Here are a few pic's of the three smaller Rugers. Just photos with no numbers or sizes 





My LCP & SR9c have Crimson Trace lasers on at this time and will put one on the LC9 soon.
Lateck,


----------



## twodogs

Thanks for the post. I have the LCP, and am considering the LC9. I wish it didn't have a safety on it. I also like the SR9c.


----------



## sprale

I love my SR9c, but that's about as small as I want to go. The LCP just doesn't garner much confidence from me and I don't see why I would need both the SR9c and the LC9.


----------



## recoilguy

twodogs said:


> Thanks for the post. I have the LCP, and am considering the LC9. I wish it didn't have a safety on it. I also like the SR9c.

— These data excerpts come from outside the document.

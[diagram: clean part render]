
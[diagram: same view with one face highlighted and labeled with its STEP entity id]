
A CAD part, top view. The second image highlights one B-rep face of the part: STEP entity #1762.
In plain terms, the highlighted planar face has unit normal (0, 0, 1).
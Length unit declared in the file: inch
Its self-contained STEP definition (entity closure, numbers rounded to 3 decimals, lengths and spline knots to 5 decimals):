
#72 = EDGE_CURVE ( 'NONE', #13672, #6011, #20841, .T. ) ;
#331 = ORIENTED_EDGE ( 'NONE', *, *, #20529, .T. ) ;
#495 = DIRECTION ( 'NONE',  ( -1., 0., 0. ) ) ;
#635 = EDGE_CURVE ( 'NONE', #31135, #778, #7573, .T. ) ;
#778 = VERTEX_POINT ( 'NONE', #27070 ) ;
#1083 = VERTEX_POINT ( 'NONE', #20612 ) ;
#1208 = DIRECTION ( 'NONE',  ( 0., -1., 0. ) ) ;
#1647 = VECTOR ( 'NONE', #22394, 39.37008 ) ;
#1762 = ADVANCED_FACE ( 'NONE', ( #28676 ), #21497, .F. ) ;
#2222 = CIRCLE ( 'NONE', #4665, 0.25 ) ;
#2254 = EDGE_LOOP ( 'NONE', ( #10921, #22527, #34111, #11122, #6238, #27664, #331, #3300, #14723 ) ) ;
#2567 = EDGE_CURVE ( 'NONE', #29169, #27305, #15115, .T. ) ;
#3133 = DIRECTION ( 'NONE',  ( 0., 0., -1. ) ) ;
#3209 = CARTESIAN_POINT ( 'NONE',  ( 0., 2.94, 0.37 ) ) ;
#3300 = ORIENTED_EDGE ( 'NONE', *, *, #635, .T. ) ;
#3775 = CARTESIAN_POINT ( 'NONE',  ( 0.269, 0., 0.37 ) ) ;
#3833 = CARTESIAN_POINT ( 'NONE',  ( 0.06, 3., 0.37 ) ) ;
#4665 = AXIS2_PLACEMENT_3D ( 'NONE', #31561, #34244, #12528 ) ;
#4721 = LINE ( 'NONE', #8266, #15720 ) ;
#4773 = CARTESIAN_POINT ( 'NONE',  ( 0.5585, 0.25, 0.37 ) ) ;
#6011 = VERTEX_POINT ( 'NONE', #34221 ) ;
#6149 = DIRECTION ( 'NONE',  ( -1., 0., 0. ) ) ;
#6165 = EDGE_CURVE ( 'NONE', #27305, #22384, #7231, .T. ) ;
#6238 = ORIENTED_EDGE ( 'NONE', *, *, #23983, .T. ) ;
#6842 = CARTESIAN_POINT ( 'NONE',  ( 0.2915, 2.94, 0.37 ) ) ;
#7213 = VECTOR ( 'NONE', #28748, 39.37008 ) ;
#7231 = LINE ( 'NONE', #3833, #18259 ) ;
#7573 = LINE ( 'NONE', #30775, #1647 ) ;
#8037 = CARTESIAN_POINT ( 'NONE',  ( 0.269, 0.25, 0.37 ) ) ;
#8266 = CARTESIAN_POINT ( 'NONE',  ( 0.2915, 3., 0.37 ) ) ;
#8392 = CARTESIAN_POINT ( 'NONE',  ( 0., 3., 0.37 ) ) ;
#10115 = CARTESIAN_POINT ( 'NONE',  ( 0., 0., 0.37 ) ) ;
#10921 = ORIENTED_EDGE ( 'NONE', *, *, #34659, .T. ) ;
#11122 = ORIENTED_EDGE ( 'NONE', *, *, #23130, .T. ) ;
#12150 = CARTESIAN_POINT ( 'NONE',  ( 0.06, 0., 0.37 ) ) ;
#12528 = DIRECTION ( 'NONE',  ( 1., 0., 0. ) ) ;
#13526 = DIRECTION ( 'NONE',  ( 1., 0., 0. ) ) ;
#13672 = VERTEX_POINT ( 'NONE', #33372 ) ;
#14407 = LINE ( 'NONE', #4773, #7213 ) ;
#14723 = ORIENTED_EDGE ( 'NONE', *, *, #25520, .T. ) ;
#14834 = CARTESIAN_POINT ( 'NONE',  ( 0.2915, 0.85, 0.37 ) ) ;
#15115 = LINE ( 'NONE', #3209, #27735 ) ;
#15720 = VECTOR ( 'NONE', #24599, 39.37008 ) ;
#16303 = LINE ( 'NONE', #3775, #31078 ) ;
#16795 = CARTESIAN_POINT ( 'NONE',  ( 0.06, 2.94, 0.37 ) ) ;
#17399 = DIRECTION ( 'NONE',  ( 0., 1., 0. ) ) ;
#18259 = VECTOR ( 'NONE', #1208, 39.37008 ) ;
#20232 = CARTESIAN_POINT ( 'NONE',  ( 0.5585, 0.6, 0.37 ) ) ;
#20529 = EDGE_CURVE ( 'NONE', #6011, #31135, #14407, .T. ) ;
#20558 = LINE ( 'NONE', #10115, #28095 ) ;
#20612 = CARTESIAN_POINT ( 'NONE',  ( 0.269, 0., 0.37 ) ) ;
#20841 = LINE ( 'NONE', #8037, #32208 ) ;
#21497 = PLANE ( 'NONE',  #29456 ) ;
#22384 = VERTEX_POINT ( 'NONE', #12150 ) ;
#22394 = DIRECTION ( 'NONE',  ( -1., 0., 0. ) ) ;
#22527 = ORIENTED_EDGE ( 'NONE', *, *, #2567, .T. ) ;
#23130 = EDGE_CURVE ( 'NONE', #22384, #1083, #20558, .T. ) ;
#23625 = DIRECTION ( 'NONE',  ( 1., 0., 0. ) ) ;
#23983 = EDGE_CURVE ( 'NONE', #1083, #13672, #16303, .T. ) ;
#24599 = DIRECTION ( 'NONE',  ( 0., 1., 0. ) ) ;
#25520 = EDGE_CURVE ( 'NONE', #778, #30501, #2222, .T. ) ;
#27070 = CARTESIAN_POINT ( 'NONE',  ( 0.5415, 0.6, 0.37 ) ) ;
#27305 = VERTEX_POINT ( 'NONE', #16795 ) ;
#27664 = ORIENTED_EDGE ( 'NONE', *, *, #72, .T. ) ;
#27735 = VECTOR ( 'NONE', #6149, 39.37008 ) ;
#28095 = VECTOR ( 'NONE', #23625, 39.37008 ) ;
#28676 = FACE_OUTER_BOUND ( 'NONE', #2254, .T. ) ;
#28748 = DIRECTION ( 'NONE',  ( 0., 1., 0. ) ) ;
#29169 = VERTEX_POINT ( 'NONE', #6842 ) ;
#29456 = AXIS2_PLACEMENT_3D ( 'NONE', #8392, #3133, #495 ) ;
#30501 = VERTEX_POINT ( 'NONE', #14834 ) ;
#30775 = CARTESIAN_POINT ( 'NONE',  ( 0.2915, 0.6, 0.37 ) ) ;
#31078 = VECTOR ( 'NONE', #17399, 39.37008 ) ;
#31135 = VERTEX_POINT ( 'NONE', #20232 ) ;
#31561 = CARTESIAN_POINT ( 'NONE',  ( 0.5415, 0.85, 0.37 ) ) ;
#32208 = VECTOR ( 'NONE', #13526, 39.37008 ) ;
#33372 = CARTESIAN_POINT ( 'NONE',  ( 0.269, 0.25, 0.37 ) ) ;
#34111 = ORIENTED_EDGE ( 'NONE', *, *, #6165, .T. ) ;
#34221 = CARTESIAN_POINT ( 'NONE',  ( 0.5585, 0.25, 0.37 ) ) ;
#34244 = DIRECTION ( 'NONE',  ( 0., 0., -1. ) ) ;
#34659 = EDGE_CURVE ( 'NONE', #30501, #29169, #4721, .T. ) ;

Don't use the safety nothing says you have to engage it or keep it engaged

CG


----------



## dondavis3

I got one of the 1st Ruger LC9's delivered.

I just happen to be in my LGS and UPS delivered them 3 LC9's.

I inspected it & bought it on the spot.










I've now got 300 to 400 rounds thru it w/o one malfunction.

It's so much better in every way than the LCP I carried for years.

It's like night & day difference.

I never put 100 + rounds through the LCP in the 3 years I carried it.
LC9's a great gun, very slim.

:smt1099


----------



## hemmigremmie

Thanks for the neat comparisom. Ive been wanting to compare em and you couldnt have done it anybetter. Tnx, HG:mrgreen:


----------